As some of you know, I'm taking the 8-week Mindfulness course for the second time as part of my commitment to more self-care.
This course had a profound affect on my life the first time round, so I had not anticipated what it would reveal this time. With the mindful practices already being integrated into my daily life, I am now working on a deeper level, which has uncovered habitual thoughts patterns that have been causing me anxiety for years and ones which I thought were acceptable. I thought being self-employed, self-sufficient and self-supportive meant that it was justified for there to be some level of anxiety in my life. But that's rubbish! These thoughts and rules that I've created in my mind have prevented me from moving forward because I always have the feeling of being overwhelmed and never having enough time.
The irony is, I prayed for years for my life purpose to be made clear and now that I've found it, I am flooded with ideas and ways to express and deliver these practices and yet I've done very little to materialise them because I don't know where to start. I've talked about them and planned them, set deadlines and made promises, but I keep getting in my own way. So while the universe has delivered, I am PROCRASTINATING for England because of my limiting thoughts and beliefs.

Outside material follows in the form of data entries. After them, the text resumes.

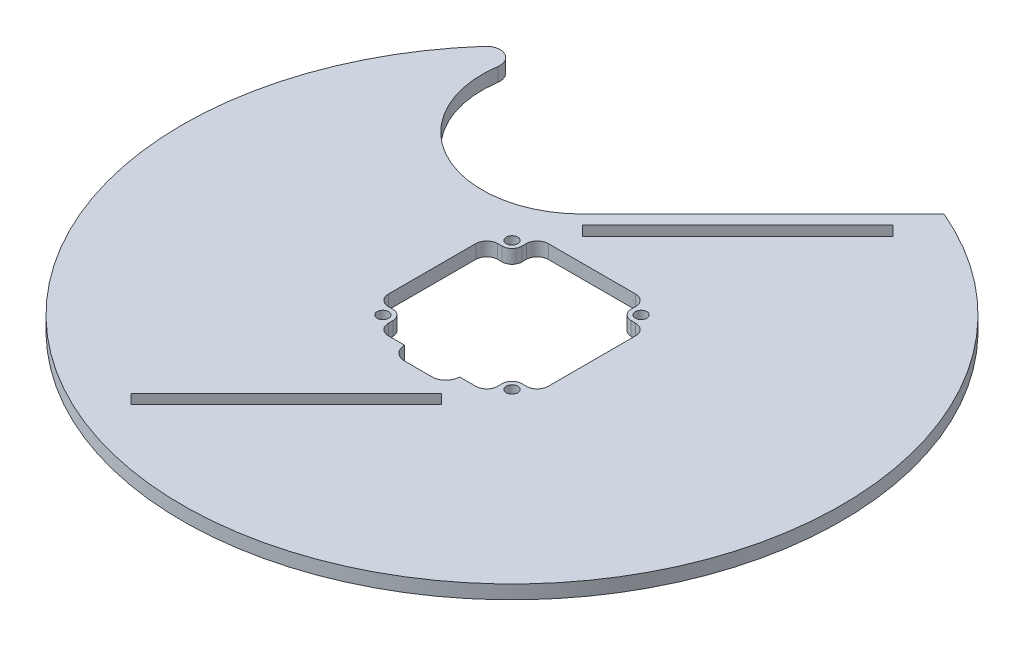
from build123d import *

# Parameters (mm, degrees)
EXTRUDE_1_DEPTH          = 5
CUT_EXTRUDE_1_DEPTH      = 170.779268463
CUT_EXTRUDE_1_DEPTH_BACK = 170.779268463
HOLE_WIZARD_M5_1_D       = 4.2


with BuildPart() as part:
    # 草圖1 → 填料-伸長1 (new body)
    with BuildSketch(Plane(origin=(0, 0, 0), x_dir=(1, 0, 0), z_dir=(0, 1, 0))):
        with BuildLine():
            Line((46.840858459, 110.480468766), (-18.994949366, 44.644660941))
            ThreePointArc((-18.994949366, 44.644660941), (-61.199118411, 37.840868245), (-80.9211148, 75.768777998))
            ThreePointArc((-80.9211148, 75.768777998), (-83.752223837, 81.026793285), (-89.60126665, 79.822384171))
            ThreePointArc((-89.60126665, 79.822384171), (26.307654113, -117.080772696), (46.840858459, 110.480468766))
        make_face()
        Polygon((-41.109127035, -97.67766953), (-44.644660941, -94.142135624), (11.923881554, -37.573593129), (15.45941546, -41.109127035), align=None, mode=Mode.SUBTRACT)
        with BuildLine():
            ThreePointArc((-23.499999452, 19.89891353), (-20.953647337, 20.953647337), (-19.89891353, 23.499999452))
            Line((-19.89891353, 23.499999452), (-19.898913286, 25.100000259))
            ThreePointArc((-19.898913286, 25.100000259), (-18.727340196, 27.92842699), (-15.898913286, 29.09999965))
            Line((-15.898913286, 29.09999965), (15.898913286, 29.09999965))
            ThreePointArc((15.898913286, 29.09999965), (18.727340196, 27.92842699), (19.898913286, 25.100000259))
            Line((19.898913286, 25.100000259), (19.89891353, 23.499999452))
            ThreePointArc((19.89891353, 23.499999452), (20.953647337, 20.953647337), (23.499999452, 19.89891353))
            Line((23.499999452, 19.89891353), (25.100000259, 19.898913286))
            ThreePointArc((25.100000259, 19.898913286), (27.92842699, 18.727340196), (29.09999965, 15.898913286))
            Line((29.09999965, 15.898913286), (29.09999965, -15.898913286))
            ThreePointArc((29.09999965, -15.898913286), (27.92842699, -18.727340196), (25.100000259, -19.898913286))
            Line((25.100000259, -19.898913286), (23.499999452, -19.89891353))
            ThreePointArc((23.499999452, -19.89891353), (20.953647337, -20.953647337), (19.89891353, -23.499999452))
            Line((19.89891353, -23.499999452), (19.898913286, -25.100000259))
            ThreePointArc((19.898913286, -25.100000259), (18.727340196, -27.92842699), (15.898913286, -29.09999965))
            Line((15.898913286, -29.09999965), (-15.898913286, -29.09999965))
            ThreePointArc((-15.898913286, -29.09999965), (-18.727340196, -27.92842699), (-19.898913286, -25.100000259))
            Line((-19.898913286, -25.100000259), (-19.89891353, -23.499999452))
            ThreePointArc((-19.89891353, -23.499999452), (-20.953647337, -20.953647337), (-23.499999452, -19.89891353))
            Line((-23.499999452, -19.89891353), (-25.100000259, -19.898913286))
            ThreePointArc((-25.100000259, -19.898913286), (-27.92842699, -18.727340196), (-29.09999965, -15.898913286))
            Line((-29.09999965, -15.898913286), (-29.09999965, 15.898913286))
            ThreePointArc((-29.09999965, 15.898913286), (-27.92842699, 18.727340196), (-25.100000259, 19.898913286))
            Line((-25.100000259, 19.898913286), (-23.499999452, 19.89891353))
        make_face(mode=Mode.SUBTRACT)
        Polygon((44.644660941, 94.142135624), (-11.923881554, 37.573593129), (-15.45941546, 41.109127035), (41.109127035, 97.67766953), align=None, mode=Mode.SUBTRACT)
    extrude(amount=-EXTRUDE_1_DEPTH)

    # 草圖5 → 除料-伸長1 (cut, two sides: drawn at the far end of the back side and taken through both)
    with BuildSketch(Plane(origin=(0, 0, 0), x_dir=(1, 0, 0), z_dir=(0, 1, 0)).offset(-CUT_EXTRUDE_1_DEPTH_BACK)):
        with BuildLine():
            Line((-5, -24.09999965), (5, -24.09999965))
            ThreePointArc((5, -24.09999965), (10, -29.09999965), (5, -34.09999965))
            Line((5, -34.09999965), (-5, -34.09999965))
            ThreePointArc((-5, -34.09999965), (-10, -29.09999965), (-5, -24.09999965))
        make_face()
    extrude(amount=CUT_EXTRUDE_1_DEPTH + CUT_EXTRUDE_1_DEPTH_BACK, mode=Mode.SUBTRACT)

    # M5 螺紋孔1 (through all)
    with Locations(Plane(origin=(0, 0, 0), x_dir=(1, 0, 0), z_dir=(0, 1, 0))):
        with Locations((23.5, 23.5), (23.5, -23.5), (-23.5, -23.5), (-23.5, 23.5)):
            Hole(HOLE_WIZARD_M5_1_D / 2)


solid = part.part

Nothing should cause us anxiety as anxiety isn't real. It's just a thought about something imaginary in the future that may never happen. It’s impossible to feel anxious in the present moment because you are IN the moment, experiencing it physically with your body and mind, right here, right now....that's where Yoga & Mindfulness come in! If we're not fully present, anxiety creeps back in, as your mind begins to worry about the next moment before it even happens. How often have you been anxious about something and it's never been anywhere near as bad as you thought it would be? Almost always!